Trina Solar supplies modules to 57.1MW abandoned golf course project in Japan

Japan built dozens of golf courses in the boom years. Image: Flickr user: David Wise.

A large-scale PV plant being built on a disused golf course in Japan will be supplied with 57.1MW of Trina Solar modules.

Pacifico Energy, headquartered in Japan but a subsidiary of California’s Jamieson Group, is developer on the project. The Furukawa Mega Solar facility is being built in Osaki City, Miyagi Prefecture just north of Fukushima on Japan’s eastern coast. Contractor Toyo Engineering is building the plant, with Trina Solar the exclusive module supplier to the project. Power from the site will be purchased by local utility Tohoku Electric Power.
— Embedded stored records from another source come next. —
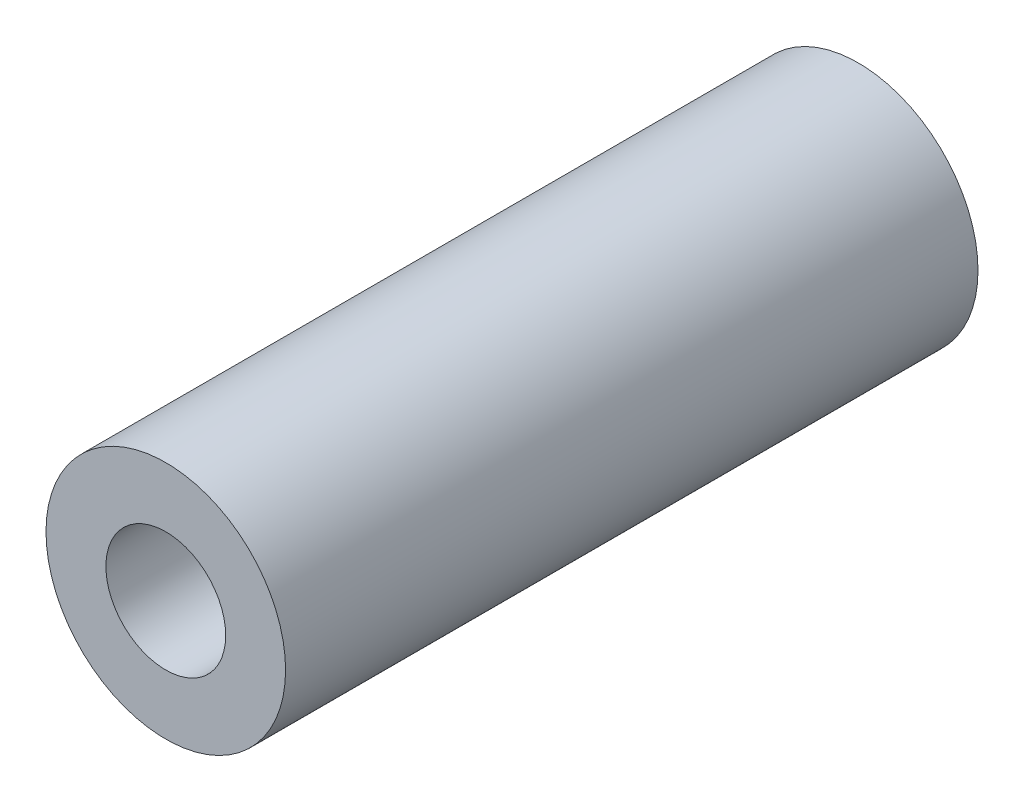
ISO-10303-21;
HEADER;
FILE_DESCRIPTION(('STEP AP214'),'2;1');
FILE_NAME('part.step','',(''),(''),'','','');
FILE_SCHEMA(('AUTOMOTIVE_DESIGN { 1 0 10303 214 1 1 1 1 }'));
ENDSEC;
DATA;
#1=APPLICATION_CONTEXT('core data for automotive mechanical design processes');
#2=APPLICATION_PROTOCOL_DEFINITION('international standard','automotive_design',2000,#1);
#3=PRODUCT_CONTEXT('',#1,'mechanical');
#4=PRODUCT('Part','Part','',(#3));
#5=PRODUCT_RELATED_PRODUCT_CATEGORY('part','',(#4));
#6=PRODUCT_DEFINITION_FORMATION('','',#4);
#7=PRODUCT_DEFINITION_CONTEXT('part definition',#1,'design');
#8=PRODUCT_DEFINITION('design','',#6,#7);
#9=PRODUCT_DEFINITION_SHAPE('','',#8);
#10=(LENGTH_UNIT() NAMED_UNIT(*) SI_UNIT(.MILLI.,.METRE.));
#11=(NAMED_UNIT(*) PLANE_ANGLE_UNIT() SI_UNIT($,.RADIAN.));
#12=(NAMED_UNIT(*) SI_UNIT($,.STERADIAN.) SOLID_ANGLE_UNIT());
#13=UNCERTAINTY_MEASURE_WITH_UNIT(LENGTH_MEASURE(1.E-05),#10,'distance_accuracy_value','');
#14=(GEOMETRIC_REPRESENTATION_CONTEXT(3) GLOBAL_UNCERTAINTY_ASSIGNED_CONTEXT((#13)) GLOBAL_UNIT_ASSIGNED_CONTEXT((#10,
#11,#12)) REPRESENTATION_CONTEXT('',''));
#15=CARTESIAN_POINT('',(0.,0.,0.));
#16=DIRECTION('',(0.,0.,1.));
#17=DIRECTION('',(1.,0.,0.));
#18=AXIS2_PLACEMENT_3D('',#15,#16,#17);
#19=CARTESIAN_POINT('',(0.,0.,28.9));
#20=DIRECTION('',(0.,0.,-1.));
#21=DIRECTION('',(-1.,0.,0.));
#22=AXIS2_PLACEMENT_3D('',#19,#20,#21);
#23=CYLINDRICAL_SURFACE('',#22,5.);
#24=CARTESIAN_POINT('',(0.,0.,28.9));
#25=DIRECTION('',(0.,0.,1.));
#26=DIRECTION('',(1.,0.,0.));
#27=AXIS2_PLACEMENT_3D('',#24,#25,#26);
#28=CIRCLE('',#27,5.);
#29=CARTESIAN_POINT('',(5.,0.,28.9));
#30=VERTEX_POINT('',#29);
#31=EDGE_CURVE('E10',#30,#30,#28,.T.);
#32=ORIENTED_EDGE('',*,*,#31,.F.);
#33=EDGE_LOOP('',(#32));
#34=FACE_BOUND('',#33,.T.);
#35=CARTESIAN_POINT('',(0.,0.,0.));
#36=DIRECTION('',(0.,0.,1.));
#37=DIRECTION('',(1.,0.,0.));
#38=AXIS2_PLACEMENT_3D('',#35,#36,#37);
#39=CIRCLE('',#38,5.);
#40=CARTESIAN_POINT('',(5.,0.,0.));
#41=VERTEX_POINT('',#40);
#42=EDGE_CURVE('E38',#41,#41,#39,.T.);
#43=ORIENTED_EDGE('',*,*,#42,.T.);
#44=EDGE_LOOP('',(#43));
#45=FACE_BOUND('',#44,.T.);
#46=ADVANCED_FACE('F35',(#34,#45),#23,.T.);
#47=CARTESIAN_POINT('',(0.,0.,28.9));
#48=DIRECTION('',(0.,0.,1.));
#49=DIRECTION('',(1.,0.,0.));
#50=AXIS2_PLACEMENT_3D('',#47,#48,#49);
#51=PLANE('',#50);
#52=CARTESIAN_POINT('',(0.,0.,28.9));
#53=DIRECTION('',(0.,0.,1.));
#54=DIRECTION('',(1.,0.,0.));
#55=AXIS2_PLACEMENT_3D('',#52,#53,#54);
#56=CIRCLE('',#55,2.5);
#57=CARTESIAN_POINT('',(2.5,0.,28.9));
#58=VERTEX_POINT('',#57);
#59=EDGE_CURVE('E49',#58,#58,#56,.T.);
#60=ORIENTED_EDGE('',*,*,#59,.F.);
#61=EDGE_LOOP('',(#60));
#62=FACE_BOUND('',#61,.T.);
#63=ORIENTED_EDGE('',*,*,#31,.T.);
#64=EDGE_LOOP('',(#63));
#65=FACE_BOUND('',#64,.T.);
#66=ADVANCED_FACE('F55',(#62,#65),#51,.T.);
#67=CARTESIAN_POINT('',(0.,0.,0.));
#68=DIRECTION('',(0.,0.,1.));
#69=DIRECTION('',(1.,0.,0.));
#70=AXIS2_PLACEMENT_3D('',#67,#68,#69);
#71=PLANE('',#70);
#72=CARTESIAN_POINT('',(0.,0.,0.));
#73=DIRECTION('',(0.,0.,1.));
#74=DIRECTION('',(1.,0.,0.));
#75=AXIS2_PLACEMENT_3D('',#72,#73,#74);
#76=CIRCLE('',#75,2.5);
#77=CARTESIAN_POINT('',(2.5,0.,0.));
#78=VERTEX_POINT('',#77);
#79=EDGE_CURVE('E45',#78,#78,#76,.T.);
#80=ORIENTED_EDGE('',*,*,#79,.T.);
#81=EDGE_LOOP('',(#80));
#82=FACE_BOUND('',#81,.T.);
#83=ORIENTED_EDGE('',*,*,#42,.F.);
#84=EDGE_LOOP('',(#83));
#85=FACE_BOUND('',#84,.T.);
#86=ADVANCED_FACE('F57',(#82,#85),#71,.F.);
#87=CARTESIAN_POINT('',(0.,0.,28.9));
#88=DIRECTION('',(0.,0.,1.));
#89=DIRECTION('',(1.,0.,0.));
#90=AXIS2_PLACEMENT_3D('',#87,#88,#89);
#91=CYLINDRICAL_SURFACE('',#90,2.5);
#92=ORIENTED_EDGE('',*,*,#79,.F.);
#93=EDGE_LOOP('',(#92));
#94=FACE_BOUND('',#93,.T.);
#95=ORIENTED_EDGE('',*,*,#59,.T.);
#96=EDGE_LOOP('',(#95));
#97=FACE_BOUND('',#96,.T.);
#98=ADVANCED_FACE('F53',(#94,#97),#91,.F.);
#99=CLOSED_SHELL('',(#46,#66,#86,#98));
#100=MANIFOLD_SOLID_BREP('B2',#99);
#101=ADVANCED_BREP_SHAPE_REPRESENTATION('',(#18,#100),#14);
#102=SHAPE_DEFINITION_REPRESENTATION(#9,#101);
ENDSEC;
END-ISO-10303-21;

Japan’s mountainous topography, island geography and the complicated nature of land ownership rules have meant that while the country has raced to deploy around 20GW of solar in the past three and a half years since the feed-in tariff (FiT) was introduced, new developments of utility-scale PV are becoming increasingly difficult to find suitable sites for.

This has led to a number of countermeasures, including a government assistance programme for projects built on landfill sites, as well as the development of floating PV installations on reservoirs and dams, the latter most notably by Kyocera, which has just commenced work on a 13.7MW floating installation.

Japan, during the economic boom years prior to the mid-90s, saw a lot of golf courses built across the country. Some of these are now abandoned and are being considered for PV installations.

Pacifico Energy’s general manager for Japan, Nate Franklin, told PV Tech Power for a forthcoming special report that most golf courses are large enough to accommodate 20MW of PV generation capacity. However, many are situated far from transmission lines for interconnection, meaning a number of suitable sites had to be scoured to find the right one. On the wider question of Japan’s land shortage for PV, Franklin said it was a logical choice to turn to golf courses, despite their often undulating terrain.

“When you're talking big projects of 20MW and above, I think anything that was flat and usable got done at the very beginning [of the FIT]. We haven't seen a flat, easy to develop site for about two years, at any price. Golf courses are about as good as it gets,” Franklin said.